Der neue Eingabetarif von 4 US-Dollar bei Sol unterbietet nun Anthropics Claude Opus 5, der mit 5 US-Dollar je Million Eingabetoken und 25 US-Dollar je Million Ausgabetoken zu Buche schlägt. Damit ist das rabattierte OpenAI-Modell auf beiden Seiten der Bilanz günstiger. Der höher positionierte Claude Fable 5 liegt sogar bei 10 bzw. 50 US-Dollar je Million Token.
Kunden achten zunehmend auf den Preis, weil sich die Leistungsunterschiede zwischen den Spitzenmodellen weiter verringern – ein Muster, das der frühere Go-to-Market-Chef von OpenAI, Zack Kass, als „diminishing model returns“ bezeichnet. Dies schwächt die Fähigkeit einzelner Labore, für ihre Modelle nachhaltige Preisaufschläge durchzusetzen.

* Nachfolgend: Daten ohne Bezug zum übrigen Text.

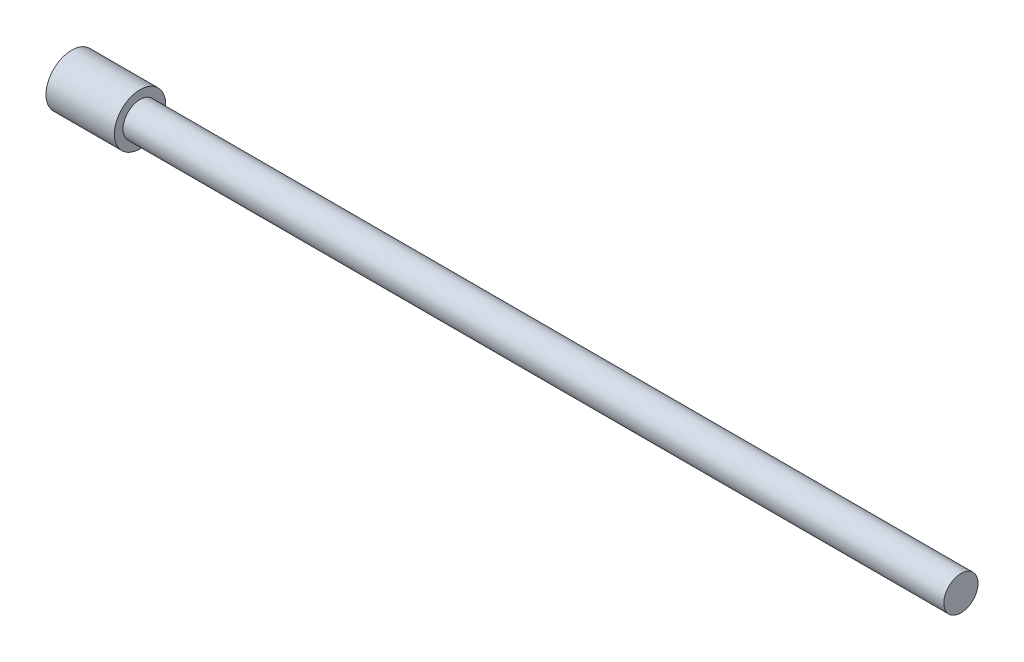
ISO-10303-21;
HEADER;
FILE_DESCRIPTION(('STEP AP214'),'2;1');
FILE_NAME('part.step','',(''),(''),'','','');
FILE_SCHEMA(('AUTOMOTIVE_DESIGN { 1 0 10303 214 1 1 1 1 }'));
ENDSEC;
DATA;
#1=APPLICATION_CONTEXT('core data for automotive mechanical design processes');
#2=APPLICATION_PROTOCOL_DEFINITION('international standard','automotive_design',2000,#1);
#3=PRODUCT_CONTEXT('',#1,'mechanical');
#4=PRODUCT('Part','Part','',(#3));
#5=PRODUCT_RELATED_PRODUCT_CATEGORY('part','',(#4));
#6=PRODUCT_DEFINITION_FORMATION('','',#4);
#7=PRODUCT_DEFINITION_CONTEXT('part definition',#1,'design');
#8=PRODUCT_DEFINITION('design','',#6,#7);
#9=PRODUCT_DEFINITION_SHAPE('','',#8);
#10=(LENGTH_UNIT() NAMED_UNIT(*) SI_UNIT(.MILLI.,.METRE.));
#11=(NAMED_UNIT(*) PLANE_ANGLE_UNIT() SI_UNIT($,.RADIAN.));
#12=(NAMED_UNIT(*) SI_UNIT($,.STERADIAN.) SOLID_ANGLE_UNIT());
#13=UNCERTAINTY_MEASURE_WITH_UNIT(LENGTH_MEASURE(1.E-05),#10,'distance_accuracy_value','');
#14=(GEOMETRIC_REPRESENTATION_CONTEXT(3) GLOBAL_UNCERTAINTY_ASSIGNED_CONTEXT((#13)) GLOBAL_UNIT_ASSIGNED_CONTEXT((#10,
#11,#12)) REPRESENTATION_CONTEXT('',''));
#15=CARTESIAN_POINT('',(0.,0.,0.));
#16=DIRECTION('',(0.,0.,1.));
#17=DIRECTION('',(1.,0.,0.));
#18=AXIS2_PLACEMENT_3D('',#15,#16,#17);
#19=CARTESIAN_POINT('',(152.4,0.,0.));
#20=DIRECTION('',(-1.,0.,0.));
#21=DIRECTION('',(0.,0.,1.));
#22=AXIS2_PLACEMENT_3D('',#19,#20,#21);
#23=CYLINDRICAL_SURFACE('',#22,6.35);
#24=CARTESIAN_POINT('',(152.4,0.,0.));
#25=DIRECTION('',(1.,0.,0.));
#26=DIRECTION('',(0.,0.,-1.));
#27=AXIS2_PLACEMENT_3D('',#24,#25,#26);
#28=CIRCLE('',#27,6.35);
#29=CARTESIAN_POINT('',(152.4,0.,6.35));
#30=VERTEX_POINT('',#29);
#31=EDGE_CURVE('E10',#30,#30,#28,.T.);
#32=CARTESIAN_POINT('',(-152.4,0.,0.));
#33=DIRECTION('',(1.,0.,0.));
#34=DIRECTION('',(0.,0.,-1.));
#35=AXIS2_PLACEMENT_3D('',#32,#33,#34);
#36=CIRCLE('',#35,6.35);
#37=CARTESIAN_POINT('',(-152.4,0.,6.35));
#38=VERTEX_POINT('',#37);
#39=EDGE_CURVE('E34',#38,#38,#36,.T.);
#40=CARTESIAN_POINT('',(152.4,0.,6.35));
#41=CARTESIAN_POINT('',(149.225,0.,6.35));
#42=CARTESIAN_POINT('',(146.05,0.,6.35));
#43=CARTESIAN_POINT('',(139.7,0.,6.35));
#44=CARTESIAN_POINT('',(136.525,0.,6.35));
#45=CARTESIAN_POINT('',(130.175,0.,6.35));
#46=CARTESIAN_POINT('',(127.,0.,6.35));
#47=CARTESIAN_POINT('',(120.65,0.,6.35));
#48=CARTESIAN_POINT('',(117.475,0.,6.35));
#49=CARTESIAN_POINT('',(111.125,0.,6.35));
#50=CARTESIAN_POINT('',(107.95,0.,6.35));
#51=CARTESIAN_POINT('',(101.6,0.,6.35));
#52=CARTESIAN_POINT('',(98.425,0.,6.35));
#53=CARTESIAN_POINT('',(92.075,0.,6.35));
#54=CARTESIAN_POINT('',(88.9,0.,6.35));
#55=CARTESIAN_POINT('',(82.55,0.,6.35));
#56=CARTESIAN_POINT('',(79.375,0.,6.35));
#57=CARTESIAN_POINT('',(73.025,0.,6.35));
#58=CARTESIAN_POINT('',(69.85,0.,6.35));
#59=CARTESIAN_POINT('',(63.5,0.,6.35));
#60=CARTESIAN_POINT('',(60.325,0.,6.35));
#61=CARTESIAN_POINT('',(53.975,0.,6.35));
#62=CARTESIAN_POINT('',(50.8,0.,6.35));
#63=CARTESIAN_POINT('',(44.45,0.,6.35));
#64=CARTESIAN_POINT('',(41.275,0.,6.35));
#65=CARTESIAN_POINT('',(34.925,0.,6.35));
#66=CARTESIAN_POINT('',(31.75,0.,6.35));
#67=CARTESIAN_POINT('',(25.4,0.,6.35));
#68=CARTESIAN_POINT('',(22.225,0.,6.35));
#69=CARTESIAN_POINT('',(15.875,0.,6.35));
#70=CARTESIAN_POINT('',(12.7,0.,6.35));
#71=CARTESIAN_POINT('',(6.35,0.,6.35));
#72=CARTESIAN_POINT('',(3.175,0.,6.35));
#73=CARTESIAN_POINT('',(-3.175,0.,6.35));
#74=CARTESIAN_POINT('',(-6.35,0.,6.35));
#75=CARTESIAN_POINT('',(-12.7,0.,6.35));
#76=CARTESIAN_POINT('',(-15.875,0.,6.35));
#77=CARTESIAN_POINT('',(-22.225,0.,6.35));
#78=CARTESIAN_POINT('',(-25.4,0.,6.35));
#79=CARTESIAN_POINT('',(-31.75,0.,6.35));
#80=CARTESIAN_POINT('',(-34.925,0.,6.35));
#81=CARTESIAN_POINT('',(-41.275,0.,6.35));
#82=CARTESIAN_POINT('',(-44.45,0.,6.35));
#83=CARTESIAN_POINT('',(-50.8,0.,6.35));
#84=CARTESIAN_POINT('',(-53.975,0.,6.35));
#85=CARTESIAN_POINT('',(-60.325,0.,6.35));
#86=CARTESIAN_POINT('',(-63.5,0.,6.35));
#87=CARTESIAN_POINT('',(-69.85,0.,6.35));
#88=CARTESIAN_POINT('',(-73.025,0.,6.35));
#89=CARTESIAN_POINT('',(-79.375,0.,6.35));
#90=CARTESIAN_POINT('',(-82.55,0.,6.35));
#91=CARTESIAN_POINT('',(-88.9,0.,6.35));
#92=CARTESIAN_POINT('',(-92.075,0.,6.35));
#93=CARTESIAN_POINT('',(-98.425,0.,6.35));
#94=CARTESIAN_POINT('',(-101.6,0.,6.35));
#95=CARTESIAN_POINT('',(-107.95,0.,6.35));
#96=CARTESIAN_POINT('',(-111.125,0.,6.35));
#97=CARTESIAN_POINT('',(-117.475,0.,6.35));
#98=CARTESIAN_POINT('',(-120.65,0.,6.35));
#99=CARTESIAN_POINT('',(-127.,0.,6.35));
#100=CARTESIAN_POINT('',(-130.175,0.,6.35));
#101=CARTESIAN_POINT('',(-136.525,0.,6.35));
#102=CARTESIAN_POINT('',(-139.7,0.,6.35));
#103=CARTESIAN_POINT('',(-146.05,0.,6.35));
#104=CARTESIAN_POINT('',(-149.225,0.,6.35));
#105=CARTESIAN_POINT('',(-152.4,0.,6.35));
#106=B_SPLINE_CURVE_WITH_KNOTS('',3,(#40,#41,#42,#43,#44,#45,#46,#47,#48,#49,#50,#51,#52,#53,
#54,#55,#56,#57,#58,#59,#60,#61,#62,#63,#64,#65,#66,#67,#68,#69,#70,#71,#72,#73,#74,#75,#76,#77,
#78,#79,#80,#81,#82,#83,#84,#85,#86,#87,#88,#89,#90,#91,#92,#93,#94,#95,#96,#97,#98,#99,#100,
#101,#102,#103,#104,#105),.UNSPECIFIED.,.F.,.F.,(4,2,2,2,2,2,2,2,2,2,2,2,2,2,2,2,2,2,2,2,2,2,2,
2,2,2,2,2,2,2,2,2,4),(0.,9.52500000000001,19.05,28.575,38.1,47.625,57.15,66.675,76.2,85.725,
95.25,104.775,114.3,123.825,133.35,142.875,152.4,161.925,171.45,180.975,190.5,200.025,209.55,
219.075,228.6,238.125,247.65,257.175,266.7,276.225,285.75,295.275,304.8),.UNSPECIFIED.);
#107=EDGE_CURVE('BSEAM31',#30,#38,#106,.T.);
#108=ORIENTED_EDGE('',*,*,#31,.F.);
#109=ORIENTED_EDGE('',*,*,#39,.T.);
#110=ORIENTED_EDGE('',*,*,#107,.T.);
#111=ORIENTED_EDGE('',*,*,#107,.F.);
#112=EDGE_LOOP('',(#108,#110,#109,#111));
#113=FACE_BOUND('',#112,.T.);
#114=ADVANCED_FACE('F31',(#113),#23,.T.);
#115=CARTESIAN_POINT('',(152.4,0.,0.));
#116=DIRECTION('',(1.,0.,0.));
#117=DIRECTION('',(0.,0.,-1.));
#118=AXIS2_PLACEMENT_3D('',#115,#116,#117);
#119=PLANE('',#118);
#120=ORIENTED_EDGE('',*,*,#31,.T.);
#121=EDGE_LOOP('',(#120));
#122=FACE_BOUND('',#121,.T.);
#123=ADVANCED_FACE('F54',(#122),#119,.T.);
#124=CARTESIAN_POINT('',(-177.8,0.,0.));
#125=DIRECTION('',(1.,0.,0.));
#126=DIRECTION('',(0.,0.,-1.));
#127=AXIS2_PLACEMENT_3D('',#124,#125,#126);
#128=CYLINDRICAL_SURFACE('',#127,9.525);
#129=CARTESIAN_POINT('',(-177.8,0.,0.));
#130=DIRECTION('',(-1.,0.,0.));
#131=DIRECTION('',(0.,0.,1.));
#132=AXIS2_PLACEMENT_3D('',#129,#130,#131);
#133=CIRCLE('',#132,9.525);
#134=CARTESIAN_POINT('',(-177.8,0.,9.525));
#135=VERTEX_POINT('',#134);
#136=EDGE_CURVE('E41',#135,#135,#133,.T.);
#137=ORIENTED_EDGE('',*,*,#136,.F.);
#138=EDGE_LOOP('',(#137));
#139=FACE_BOUND('',#138,.T.);
#140=CARTESIAN_POINT('',(-152.4,0.,0.));
#141=DIRECTION('',(-1.,0.,0.));
#142=DIRECTION('',(0.,0.,1.));
#143=AXIS2_PLACEMENT_3D('',#140,#141,#142);
#144=CIRCLE('',#143,9.525);
#145=CARTESIAN_POINT('',(-152.4,0.,9.525));
#146=VERTEX_POINT('',#145);
#147=EDGE_CURVE('E43',#146,#146,#144,.T.);
#148=ORIENTED_EDGE('',*,*,#147,.T.);
#149=EDGE_LOOP('',(#148));
#150=FACE_BOUND('',#149,.T.);
#151=ADVANCED_FACE('F51',(#139,#150),#128,.T.);
#152=CARTESIAN_POINT('',(-177.8,0.,0.));
#153=DIRECTION('',(-1.,0.,0.));
#154=DIRECTION('',(0.,0.,1.));
#155=AXIS2_PLACEMENT_3D('',#152,#153,#154);
#156=PLANE('',#155);
#157=ORIENTED_EDGE('',*,*,#136,.T.);
#158=EDGE_LOOP('',(#157));
#159=FACE_BOUND('',#158,.T.);
#160=ADVANCED_FACE('F49',(#159),#156,.T.);
#161=CARTESIAN_POINT('',(-152.4,0.,0.));
#162=DIRECTION('',(-1.,0.,0.));
#163=DIRECTION('',(0.,0.,1.));
#164=AXIS2_PLACEMENT_3D('',#161,#162,#163);
#165=PLANE('',#164);
#166=ORIENTED_EDGE('',*,*,#39,.F.);
#167=EDGE_LOOP('',(#166));
#168=FACE_BOUND('',#167,.T.);
#169=ORIENTED_EDGE('',*,*,#147,.F.);
#170=EDGE_LOOP('',(#169));
#171=FACE_BOUND('',#170,.T.);
#172=ADVANCED_FACE('F58',(#168,#171),#165,.F.);
#173=CLOSED_SHELL('',(#114,#123,#151,#160,#172));
#174=MANIFOLD_SOLID_BREP('B2',#173);
#175=ADVANCED_BREP_SHAPE_REPRESENTATION('',(#18,#174),#14);
#176=SHAPE_DEFINITION_REPRESENTATION(#9,#175);
ENDSEC;
END-ISO-10303-21;

OpenAI-Preissenkungen seit Juli
Bereits am 30. Juli hatte OpenAI die Preise für den restlichen GPT-5.6-Produktstrang reduziert – rund drei Wochen, nachdem die Modelle Terra und Luna allgemein verfügbar wurden. Terra verbilligte sich um 20 Prozent auf 2 US-Dollar je Million Eingabetoken. Luna wurde um 80 Prozent auf 0,20 US-Dollar gesenkt, der kräftigste Abschlag innerhalb der Produktfamilie.
Zur Begründung verwies das Unternehmen damals auf optimierte GPU-Kernel im laufenden Betrieb und effizientere „speculative decoding“-Verfahren – Verbesserungen, die erzielt worden seien, indem GPT-5.6 seine eigene Laufzeitumgebung optimiert habe. Sol war von dieser Juli-Runde nicht betroffen. Vorstandschef Sam Altman argumentiert seit Längerem, dass vor allem hohes Nutzungsvolumen – und nicht hohe Margen pro Anfrage – die Trainingskosten für jeweils neue Generationen von Frontier-Modellen finanzieren werde.